■ **DATASET**
Start of Block
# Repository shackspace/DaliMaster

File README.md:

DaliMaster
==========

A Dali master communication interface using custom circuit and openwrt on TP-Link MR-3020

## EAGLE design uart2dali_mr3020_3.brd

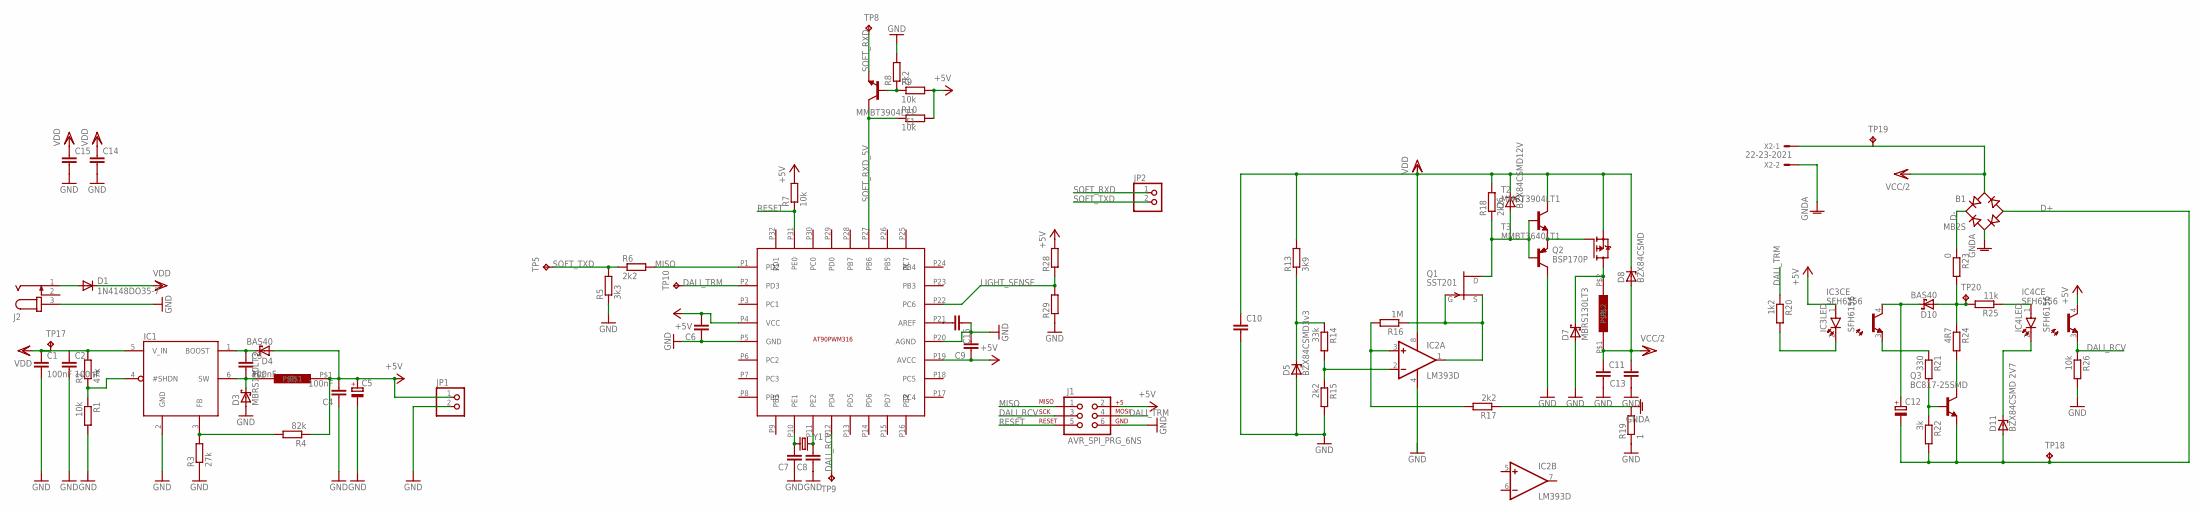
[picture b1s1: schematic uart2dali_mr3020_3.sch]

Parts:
B1: MB2S; SOIC-4
C1, C2, C3, C4: 100nF; C0805
C5: CPOL-EUCT7343; CT7343
C6, C7, C8, C9, C10, C16: C-EUC0603; C0603
C11, C13, C14, C15: C-EUC0805; C0805
C12: CPOL-EUCT6032; CT6032
D1: 1N4148DO35-7; DO35-7
D3, D7: MBRS130LT3; SMB
D4, D10: BAS40; SOT23
D5: BZX84CSMD3v3; TO236
D6: BZX84CSMD12V; TO236
D8: BZX84CSMD; TO236
D11: BZX84CSMD 2V7; TO236
IC1: LT1933ES6; SOT23-6
IC2: LM393D; SO08
IC3, IC4: SFH6156; SFH
J1: AVR_SPI_PRG_6NS; 2X3-NS
J2: JACK-PLUG1; SPC4078
JP1, JP2: PINHD-1X2; 1X02
Q1: SST201; SOT23
Q2: BSP170P; SOT223
Q3: BC817-25SMD; SOT23-BEC
R1, R7, R9, R10, R26: 10k; R0603
R2: 47k; R0603
R3: 27k; R0603
R4: 82k; R0603
R5: 3k3; R0603
R6, R8, R15, R17, R18: 2k2; R0603
R13: 3k9; R0603
R14: 33k; R0603
R16: 1M; R0603
R19: 1; R0603
R20: 1k2; R0603
R21: 330; R0603
R22: 3k; R0603
R23: 0; R0603
R24: 4R7; R0603
R25: 11k; R0603
R28: R-EU_0207/2V; 0207/2V
R29: R-EU_R0603; R0603
T1, T2: MMBT3904LT1; SOT23-BEC
T3: MMBT3640LT1; SOT23-BEC
TP5, TP8, TP9, TP10, TP17, TP18, TP19, TP20: TPB1,27; B1,27
U$1: KMP_2330_UNSHIELDED 33uH; KMP_2330_UNSHIELDED
U$2: AT90PWM316; QFN32_7MM
U$3: SDR0805
X2: 22-23-2021
Y1: CRYSTALTXC-7A; CRYSTAL-TXC-7A

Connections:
+5V: C4.2, C5.+, C6.2, C9.1, D4.1 (A), IC3.1 (A), IC4.4 (C), J1.2, JP1.1, R4.1, R7.2, R9.2, R10.2, R28.2, U$1.P$1, U$2.P4 (VCC), U$2.P19 (AVCC)
D+: B1.-, C12.-, D11.A, Q3.E, R22.2, TP18.TP
D-: B1.+, R23.1
DALI_RCV: J1.3, TP9.TP, U$2.P12 (PD4)
DALI_TRM: J1.4, R20.1, TP10.TP, U$2.P2 (PD3)
GND: C1.2, C2.2, C4.1, C5.-, C6.1, C7.1, C8.1, C9.2, C10.2, C11.2, C13.1, C14.2, C15.2, C16.1, D3.A, D5.A, D7.A, IC1.2 (GND), IC2.4 (V-), J1.6, J2.3, JP1.2, R1.2, R3.1, R5.1, R8.2, R15.2, R19.1, R26.2, R29.1, T3.C, U$2.P5 (GND), U$2.P20 (AGND)
GNDA: B1.~2 (AC2), R17.1, R19.2, X2.2
LIGHT_SENSE: R28.1, R29.2, U$2.P22 (PC6)
MISO: J1.1, R6.2, U$2.P1 (PD2)
unnamed: IC3.2 (K), R20.2
unnamed: IC2.2 (-IN), R14.2, R15.1
unnamed: IC1.4 (#SHDN), R1.1, R2.1
unnamed: C12.+, D10.3 (C), IC3.4 (C)
unnamed: IC3.3 (E), R21.1
unnamed: Q3.B, R21.2, R22.1
unnamed: IC4.3 (E), R26.1
unnamed: C16.2, U$2.P21 (AREF)
unnamed: D10.1 (A), R23.2, R24.1, R25.2, TP20.TP
unnamed: Q3.C, R24.2
unnamed: IC4.1 (A), R25.1
unnamed: D11.C, IC4.2 (K)
unnamed: C7.2, U$2.P10 (PE1), Y1.P$1 (1)
unnamed: C8.2, U$2.P11 (PE2), Y1.P$2 (2)
unnamed: R8.1, R9.1, T1.B
unnamed: IC2.1 (OUT), Q1.2 (S), Q1.3 (G), R16.1
unnamed: D1.A, J2.1
unnamed: C3.1, D4.3 (C), IC1.1 (BOOST)
unnamed: C3.2, D3.C, IC1.6 (SW), U$1.P$2
unnamed: D7.C, Q2.2 (D), Q2.4 (D), U$3.P$2
unnamed: IC1.3 (FB), R3.2, R4.2
unnamed: Q2.1 (G), T2.E, T3.E
unnamed: D6.A, Q1.1 (D), R18.1, T2.B, T3.B
unnamed: D5.C, R13.1, R14.1
unnamed: IC2.3 (+IN), R16.2, R17.2
RESET: J1.5, R7.1, U$2.P31 (PE0)
SOFT_RXD: JP2.1, T1.E, TP8.TP
SOFT_RXD_5V: R10.1, T1.C, U$2.P27 (PB6)
SOFT_TXD: JP2.2, R5.2, R6.1, TP5.TP
VCC/2: B1.~1 (AC1), C11.1, C13.2, D8.A, TP19.TP, U$3.P$1, X2.1
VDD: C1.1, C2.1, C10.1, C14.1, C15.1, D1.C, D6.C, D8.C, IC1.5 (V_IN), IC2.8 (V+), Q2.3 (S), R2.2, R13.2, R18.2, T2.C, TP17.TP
End of Block
■ **EXERCISE DESCRIPTION**
Take every line in the preceding listing that contains "DaliMaster" and copy it.

■ **ANSWER TO THE PROBLEM**
# Repository shackspace/DaliMaster
DaliMaster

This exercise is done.